Stored dataset items:
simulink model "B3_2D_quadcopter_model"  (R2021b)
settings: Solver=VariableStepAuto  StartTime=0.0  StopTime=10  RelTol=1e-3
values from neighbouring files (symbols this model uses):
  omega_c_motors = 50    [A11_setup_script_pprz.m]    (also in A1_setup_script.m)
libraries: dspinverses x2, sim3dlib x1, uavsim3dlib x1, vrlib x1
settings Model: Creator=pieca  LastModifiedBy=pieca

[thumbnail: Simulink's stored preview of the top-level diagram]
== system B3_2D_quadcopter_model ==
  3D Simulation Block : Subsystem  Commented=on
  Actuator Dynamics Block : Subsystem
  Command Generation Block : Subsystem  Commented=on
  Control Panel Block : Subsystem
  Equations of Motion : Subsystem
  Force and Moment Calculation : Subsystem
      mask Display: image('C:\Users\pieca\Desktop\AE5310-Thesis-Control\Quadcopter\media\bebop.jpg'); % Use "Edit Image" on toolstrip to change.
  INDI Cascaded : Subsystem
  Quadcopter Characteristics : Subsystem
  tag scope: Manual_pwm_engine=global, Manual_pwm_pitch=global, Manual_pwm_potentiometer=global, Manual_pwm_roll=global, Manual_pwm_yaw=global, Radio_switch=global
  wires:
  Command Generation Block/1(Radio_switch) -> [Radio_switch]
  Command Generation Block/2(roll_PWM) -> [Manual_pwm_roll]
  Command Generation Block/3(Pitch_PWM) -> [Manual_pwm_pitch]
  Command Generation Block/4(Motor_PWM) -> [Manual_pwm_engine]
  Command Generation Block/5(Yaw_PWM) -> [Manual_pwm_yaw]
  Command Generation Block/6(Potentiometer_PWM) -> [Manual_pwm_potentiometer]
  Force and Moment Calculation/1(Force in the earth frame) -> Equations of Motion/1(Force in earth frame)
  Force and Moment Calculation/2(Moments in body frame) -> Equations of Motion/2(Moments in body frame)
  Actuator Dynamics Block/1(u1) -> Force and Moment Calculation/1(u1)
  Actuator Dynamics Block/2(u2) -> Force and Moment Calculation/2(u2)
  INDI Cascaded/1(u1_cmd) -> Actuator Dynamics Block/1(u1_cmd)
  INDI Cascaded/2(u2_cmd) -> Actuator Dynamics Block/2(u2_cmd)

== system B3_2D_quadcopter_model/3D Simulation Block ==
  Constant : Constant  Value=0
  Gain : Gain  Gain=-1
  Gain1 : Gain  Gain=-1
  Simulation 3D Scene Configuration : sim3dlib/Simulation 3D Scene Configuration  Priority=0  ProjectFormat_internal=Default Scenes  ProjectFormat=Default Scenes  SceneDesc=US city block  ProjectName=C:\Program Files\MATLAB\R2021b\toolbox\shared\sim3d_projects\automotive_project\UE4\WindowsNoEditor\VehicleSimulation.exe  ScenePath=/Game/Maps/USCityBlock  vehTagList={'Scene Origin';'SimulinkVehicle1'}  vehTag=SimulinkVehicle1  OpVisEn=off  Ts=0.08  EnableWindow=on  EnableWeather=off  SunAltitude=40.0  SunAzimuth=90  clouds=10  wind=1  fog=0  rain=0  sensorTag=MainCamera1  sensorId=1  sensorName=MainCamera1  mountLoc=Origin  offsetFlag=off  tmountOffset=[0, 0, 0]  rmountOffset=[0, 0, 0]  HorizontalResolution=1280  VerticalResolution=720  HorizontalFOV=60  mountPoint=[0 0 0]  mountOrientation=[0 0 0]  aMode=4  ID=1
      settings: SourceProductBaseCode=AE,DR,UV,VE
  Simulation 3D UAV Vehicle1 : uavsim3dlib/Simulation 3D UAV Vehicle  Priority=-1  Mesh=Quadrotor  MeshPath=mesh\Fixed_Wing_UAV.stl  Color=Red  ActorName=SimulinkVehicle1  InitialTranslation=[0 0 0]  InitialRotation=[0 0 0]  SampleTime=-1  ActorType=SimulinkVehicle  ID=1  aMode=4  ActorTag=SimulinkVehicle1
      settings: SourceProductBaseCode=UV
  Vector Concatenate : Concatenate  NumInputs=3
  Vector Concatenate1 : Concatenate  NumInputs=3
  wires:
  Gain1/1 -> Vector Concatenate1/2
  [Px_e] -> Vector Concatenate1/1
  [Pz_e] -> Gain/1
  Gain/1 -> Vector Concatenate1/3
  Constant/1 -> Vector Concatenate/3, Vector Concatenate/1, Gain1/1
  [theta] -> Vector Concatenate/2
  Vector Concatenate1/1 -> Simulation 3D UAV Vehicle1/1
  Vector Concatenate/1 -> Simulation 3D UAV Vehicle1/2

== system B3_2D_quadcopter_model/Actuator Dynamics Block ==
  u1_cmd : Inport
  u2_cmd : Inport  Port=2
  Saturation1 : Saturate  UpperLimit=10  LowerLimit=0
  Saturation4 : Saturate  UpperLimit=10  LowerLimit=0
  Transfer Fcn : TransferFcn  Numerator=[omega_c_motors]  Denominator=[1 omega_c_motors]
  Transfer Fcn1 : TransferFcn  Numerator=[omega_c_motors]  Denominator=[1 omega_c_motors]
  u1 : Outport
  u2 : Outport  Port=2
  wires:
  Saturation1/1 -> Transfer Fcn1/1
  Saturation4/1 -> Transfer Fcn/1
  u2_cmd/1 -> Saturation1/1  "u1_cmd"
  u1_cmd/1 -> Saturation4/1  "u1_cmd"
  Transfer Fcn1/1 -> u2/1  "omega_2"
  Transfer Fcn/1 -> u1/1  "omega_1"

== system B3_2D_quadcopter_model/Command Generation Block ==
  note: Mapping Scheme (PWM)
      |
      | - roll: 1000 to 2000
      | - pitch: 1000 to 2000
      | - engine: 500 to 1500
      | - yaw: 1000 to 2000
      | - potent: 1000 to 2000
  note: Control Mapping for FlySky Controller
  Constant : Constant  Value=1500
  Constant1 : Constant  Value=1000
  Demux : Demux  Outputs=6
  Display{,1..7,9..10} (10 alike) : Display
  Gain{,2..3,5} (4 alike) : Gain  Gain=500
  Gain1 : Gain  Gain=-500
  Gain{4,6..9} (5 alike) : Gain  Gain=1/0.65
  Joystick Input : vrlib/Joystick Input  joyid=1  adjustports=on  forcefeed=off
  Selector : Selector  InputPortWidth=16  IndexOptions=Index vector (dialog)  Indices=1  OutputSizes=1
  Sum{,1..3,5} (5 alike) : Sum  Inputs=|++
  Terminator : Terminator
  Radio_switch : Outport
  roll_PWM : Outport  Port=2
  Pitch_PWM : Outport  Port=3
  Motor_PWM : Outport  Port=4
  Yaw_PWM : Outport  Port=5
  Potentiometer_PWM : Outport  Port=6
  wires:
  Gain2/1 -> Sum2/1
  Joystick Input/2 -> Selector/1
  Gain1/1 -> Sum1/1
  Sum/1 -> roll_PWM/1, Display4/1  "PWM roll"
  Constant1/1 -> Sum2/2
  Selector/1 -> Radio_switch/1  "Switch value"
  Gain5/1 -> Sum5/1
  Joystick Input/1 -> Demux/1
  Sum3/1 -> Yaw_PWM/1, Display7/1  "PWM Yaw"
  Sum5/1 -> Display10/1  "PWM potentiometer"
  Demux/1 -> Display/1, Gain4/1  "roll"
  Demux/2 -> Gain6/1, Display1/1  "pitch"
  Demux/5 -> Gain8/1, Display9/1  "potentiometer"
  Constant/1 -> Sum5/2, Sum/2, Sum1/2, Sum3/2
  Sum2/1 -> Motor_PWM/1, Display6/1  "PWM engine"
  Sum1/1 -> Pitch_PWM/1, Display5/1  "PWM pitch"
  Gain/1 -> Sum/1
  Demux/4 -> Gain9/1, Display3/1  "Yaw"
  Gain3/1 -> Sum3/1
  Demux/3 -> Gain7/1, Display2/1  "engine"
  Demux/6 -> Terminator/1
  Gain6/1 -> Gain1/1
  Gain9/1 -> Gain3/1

Assignment: Wherever the string "note" appears in the entries, copy that line.

Answer below:
  note: Mapping Scheme (PWM)
  note: Control Mapping for FlySky Controller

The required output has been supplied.